_Work required_:
The required output is the exact run of lines below that opens at the line with "(685.123, 591.305), dxfattribs=at)" and closes at the line with "(685.713, 590.49), dxfattribs=at)".

_Supplied records_:
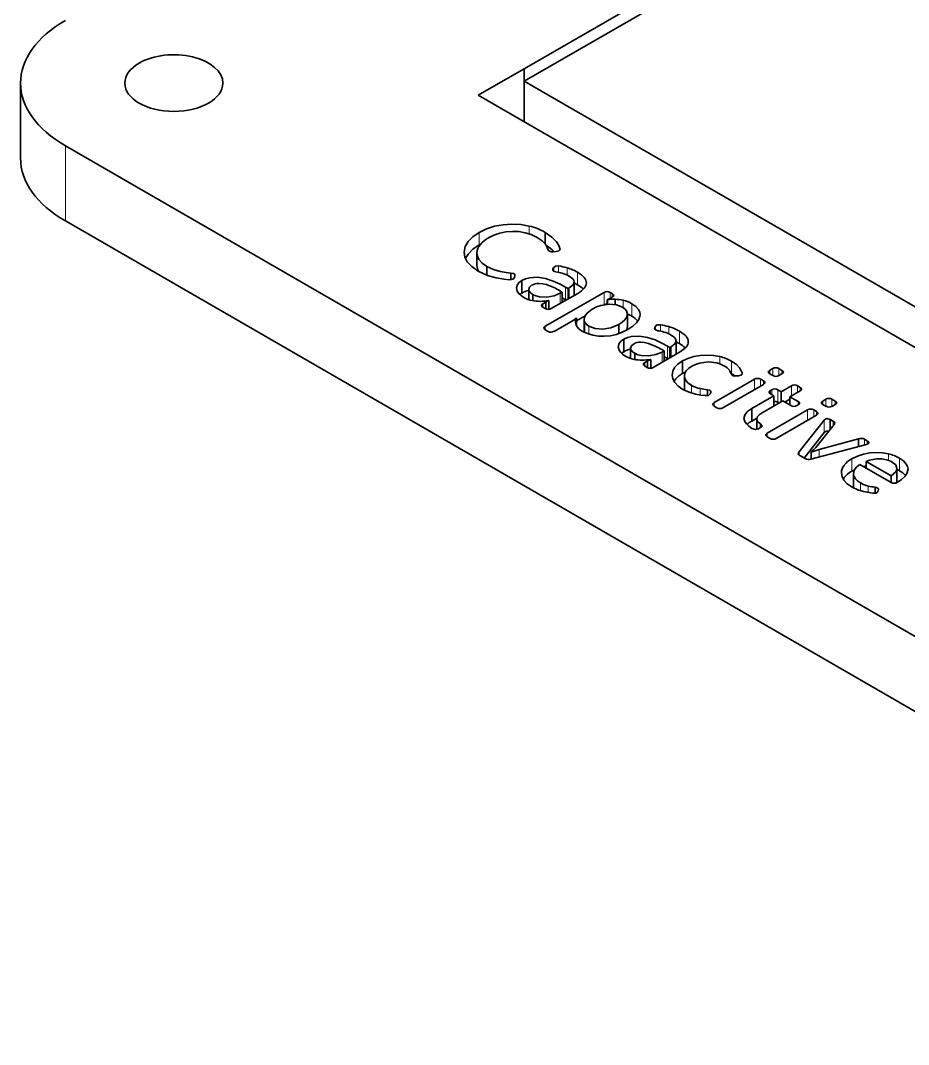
# Model space of a CAD drawing. Extents: x -131 to 1002, y -402 to 783.
# Drawn here: x 669.01 to 697.96, y 566.24 to 599.62 of the extents above; entities that cross this region are included whole.
import ezdxf

# ---------------------------------------------------------------- set-up
doc = ezdxf.new("R2010")
doc.units = 0

msp = doc.modelspace()

# ---------------------------------------------------------------- linework, layer by layer
at = {"color": 7, "lineweight": 35}
for p, q in [((704.605, 609.119), (685.432, 598.049)), ((704.605, 608.711), (685.432, 597.641)), ((720.973, 577.121), (685.432, 597.641)), ((683.931, 597.184), (719.827, 576.459)), ((670.472, 595.541), (716.971, 568.694)), ((670.472, 593.091), (716.971, 566.245))]:
    msp.add_line(p, q, dxfattribs=at)
at = {"color": 7, "lineweight": 35, "ltscale": 0.043305}
msp.add_line((685.431, 598.05), (683.931, 597.184), dxfattribs=at)
at = {"color": 7, "lineweight": 35, "ltscale": 0.043304}
msp.add_line((685.431, 598.05), (685.431, 596.318), dxfattribs=at)
at = {"color": 7, "lineweight": 35, "ltscale": 2.59399e-05}
msp.add_line((685.432, 598.049), (685.431, 598.05), dxfattribs=at)
at = {"color": 7, "lineweight": 35, "ltscale": 0.010207}
for p, q in [((685.432, 598.049), (685.432, 597.641)), ((687.064, 591.098), (687.064, 590.69)), ((687.384, 589.881), (687.384, 589.473)), ((688.795, 590.051), (688.795, 589.643)), ((688.677, 589.233), (688.677, 588.824)), ((690.384, 589.182), (690.384, 588.773)), ((690.654, 588.039), (690.654, 587.631)), ((692.849, 586.975), (692.849, 586.567)), ((696.165, 584.849), (696.165, 584.441)), ((697.584, 585.018), (697.584, 584.61))]:
    msp.add_line(p, q, dxfattribs=at)
at = {"color": 7, "lineweight": 35, "ltscale": 0.061237}
msp.add_line((669.008, 595.132), (669.008, 597.582), dxfattribs=at)
at = {"color": 7, "lineweight": 13, "ltscale": 0.061238}
msp.add_line((670.472, 593.091), (670.472, 595.541), dxfattribs=at)
at = {"color": 7, "lineweight": 13, "ltscale": 0.006296}
msp.add_line((685.598, 592.92), (685.598, 592.668), dxfattribs=at)
at = {"color": 7, "lineweight": 13, "ltscale": 0.010207}
for p, q in [((683.959, 592.713), (683.959, 592.305)), ((686.782, 590.928), (686.782, 590.52)), ((688.033, 590.762), (688.033, 590.354)), ((688.943, 590.392), (688.943, 589.984)), ((690.49, 589.499), (690.49, 589.09)), ((692.194, 588.515), (692.194, 588.107)), ((693.702, 587.585), (693.702, 587.177)), ((695.214, 586.599), (695.214, 586.191)), ((696.112, 585.337), (696.112, 584.929)), ((697.663, 585.358), (697.663, 584.95))]:
    msp.add_line(p, q, dxfattribs=at)
at = {"color": 7, "lineweight": 35, "ltscale": 0.009532}
msp.add_line((686.114, 592.717), (686.114, 592.335), dxfattribs=at)
at = {"color": 7, "lineweight": 35, "ltscale": 0.001434}
msp.add_line((683.959, 592.305), (684.009, 592.333), dxfattribs=at)
at = {"color": 7, "lineweight": 35, "ltscale": 0.000337685}
msp.add_line((686.596, 592.186), (686.598, 592.173), dxfattribs=at)
at = {"color": 7, "lineweight": 35, "ltscale": 0.000646973}
msp.add_line((686.596, 592.186), (686.596, 592.16), dxfattribs=at)
at = {"color": 7, "lineweight": 35, "ltscale": 0.010205}
for p, q in [((683.889, 592.045), (683.889, 591.637)), ((685.357, 591.149), (685.357, 590.741)), ((690.593, 588.524), (690.593, 588.116))]:
    msp.add_line(p, q, dxfattribs=at)
at = {"color": 7, "lineweight": 35, "ltscale": 0.002491}
msp.add_line((686.477, 592.096), (686.378, 592.084), dxfattribs=at)
at = {"color": 7, "lineweight": 35, "ltscale": 0.007074}
msp.add_line((684.216, 591.604), (684.216, 591.321), dxfattribs=at)
at = {"color": 7, "lineweight": 35, "ltscale": 0.001052}
msp.add_line((686.365, 591.528), (686.384, 591.566), dxfattribs=at)
at = {"color": 7, "lineweight": 35, "ltscale": 0.001201}
msp.add_line((686.365, 591.528), (686.365, 591.48), dxfattribs=at)
at = {"color": 7, "lineweight": 35, "ltscale": 0.002652}
msp.add_line((686.384, 591.566), (686.384, 591.46), dxfattribs=at)
at = {"color": 7, "lineweight": 13, "ltscale": 0.00529}
msp.add_line((686.551, 591.625), (686.551, 591.413), dxfattribs=at)
at = {"color": 7, "lineweight": 13, "ltscale": 0.005885}
msp.add_line((686.828, 591.561), (686.828, 591.326), dxfattribs=at)
at = {"color": 7, "lineweight": 35, "ltscale": 0.005435}
msp.add_line((684.998, 591.391), (684.998, 591.174), dxfattribs=at)
at = {"color": 7, "lineweight": 35, "ltscale": 0.001552}
msp.add_line((685.123, 591.305), (685.109, 591.244), dxfattribs=at)
at = {"color": 7, "lineweight": 35, "ltscale": 0.000407481}
msp.add_line((685.125, 591.321), (685.123, 591.305), dxfattribs=at)
at = {"color": 7, "lineweight": 13, "ltscale": 0.010205}
for p, q in [((687.171, 591.415), (687.171, 591.007)), ((690.101, 589.011), (690.101, 588.603))]:
    msp.add_line(p, q, dxfattribs=at)
at = {"color": 7, "lineweight": 35, "ltscale": 0.000174057}
for p, q in [((685.578, 590.857), (685.578, 590.85)), ((688.898, 588.94), (688.898, 588.933))]:
    msp.add_line(p, q, dxfattribs=at)
at = {"color": 7, "lineweight": 35, "ltscale": 0.008185}
for p, q in [((685.578, 590.85), (685.578, 590.523)), ((688.898, 588.933), (688.898, 588.606))]:
    msp.add_line(p, q, dxfattribs=at)
at = {"color": 7, "lineweight": 35, "ltscale": 0.002244}
msp.add_line((686.671, 590.771), (686.593, 590.815), dxfattribs=at)
at = {"color": 7, "lineweight": 35, "ltscale": 0.002251}
msp.add_line((686.782, 590.928), (686.86, 590.883), dxfattribs=at)
at = {"color": 7, "lineweight": 35, "ltscale": 0.001125}
for p, q in [((686.86, 590.883), (686.898, 590.906)), ((693.466, 587.563), (693.505, 587.585))]:
    msp.add_line(p, q, dxfattribs=at)
at = {"color": 7, "lineweight": 35, "ltscale": 0.008382}
msp.add_line((686.86, 590.883), (686.86, 590.548), dxfattribs=at)
at = {"color": 7, "lineweight": 13, "ltscale": 0.008382}
for p, q in [((686.898, 590.906), (686.898, 590.57)), ((692.939, 587.929), (692.939, 587.594))]:
    msp.add_line(p, q, dxfattribs=at)
at = {"color": 7, "lineweight": 35, "ltscale": 0.005031}
msp.add_line((685.713, 590.691), (685.713, 590.49), dxfattribs=at)
at = {"color": 7, "lineweight": 35, "ltscale": 0.055302}
msp.add_line((686.117, 589.656), (688.033, 590.762), dxfattribs=at)
at = {"color": 7, "lineweight": 35, "ltscale": 0.0001675}
msp.add_line((686.234, 590.491), (686.228, 590.494), dxfattribs=at)
at = {"color": 7, "lineweight": 35, "ltscale": 0.00713}
msp.add_line((686.234, 590.491), (686.234, 590.206), dxfattribs=at)
at = {"color": 7, "lineweight": 35, "ltscale": 0.024796}
for p, q in [((687.174, 590.729), (686.315, 590.233)), ((690.494, 588.812), (689.635, 588.317))]:
    msp.add_line(p, q, dxfattribs=at)
at = {"color": 7, "lineweight": 35, "ltscale": 0.001899}
for p, q in [((686.605, 590.733), (686.671, 590.771)), ((689.925, 588.816), (689.991, 588.854))]:
    msp.add_line(p, q, dxfattribs=at)
at = {"color": 7, "lineweight": 13, "ltscale": 0.008298}
msp.add_line((686.605, 590.733), (686.605, 590.401), dxfattribs=at)
at = {"color": 7, "lineweight": 35, "ltscale": 0.008298}
msp.add_line((686.671, 590.771), (686.671, 590.439), dxfattribs=at)
at = {"color": 7, "lineweight": 35, "ltscale": 0.003168}
msp.add_line((686.671, 590.581), (686.782, 590.52), dxfattribs=at)
at = {"color": 7, "lineweight": 35, "ltscale": 0.000426603}
for p, q in [((686.782, 590.52), (686.796, 590.511)), ((690.101, 588.603), (690.116, 588.595))]:
    msp.add_line(p, q, dxfattribs=at)
at = {"color": 7, "lineweight": 35, "ltscale": 0.000652794}
msp.add_line((687.061, 590.664), (687.064, 590.69), dxfattribs=at)
at = {"color": 7, "lineweight": 35, "ltscale": 0.002423}
msp.add_line((688.224, 590.565), (688.138, 590.522), dxfattribs=at)
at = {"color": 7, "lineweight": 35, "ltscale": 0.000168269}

_Reply to the task_:
msp.add_line((685.125, 591.321), (685.123, 591.305), dxfattribs=at)
at = {"color": 7, "lineweight": 13, "ltscale": 0.010205}
for p, q in [((687.171, 591.415), (687.171, 591.007)), ((690.101, 589.011), (690.101, 588.603))]:
    msp.add_line(p, q, dxfattribs=at)
at = {"color": 7, "lineweight": 35, "ltscale": 0.000174057}
for p, q in [((685.578, 590.857), (685.578, 590.85)), ((688.898, 588.94), (688.898, 588.933))]:
    msp.add_line(p, q, dxfattribs=at)
at = {"color": 7, "lineweight": 35, "ltscale": 0.008185}
for p, q in [((685.578, 590.85), (685.578, 590.523)), ((688.898, 588.933), (688.898, 588.606))]:
    msp.add_line(p, q, dxfattribs=at)
at = {"color": 7, "lineweight": 35, "ltscale": 0.002244}
msp.add_line((686.671, 590.771), (686.593, 590.815), dxfattribs=at)
at = {"color": 7, "lineweight": 35, "ltscale": 0.002251}
msp.add_line((686.782, 590.928), (686.86, 590.883), dxfattribs=at)
at = {"color": 7, "lineweight": 35, "ltscale": 0.001125}
for p, q in [((686.86, 590.883), (686.898, 590.906)), ((693.466, 587.563), (693.505, 587.585))]:
    msp.add_line(p, q, dxfattribs=at)
at = {"color": 7, "lineweight": 35, "ltscale": 0.008382}
msp.add_line((686.86, 590.883), (686.86, 590.548), dxfattribs=at)
at = {"color": 7, "lineweight": 13, "ltscale": 0.008382}
for p, q in [((686.898, 590.906), (686.898, 590.57)), ((692.939, 587.929), (692.939, 587.594))]:
    msp.add_line(p, q, dxfattribs=at)
at = {"color": 7, "lineweight": 35, "ltscale": 0.005031}
msp.add_line((685.713, 590.691), (685.713, 590.49), dxfattribs=at)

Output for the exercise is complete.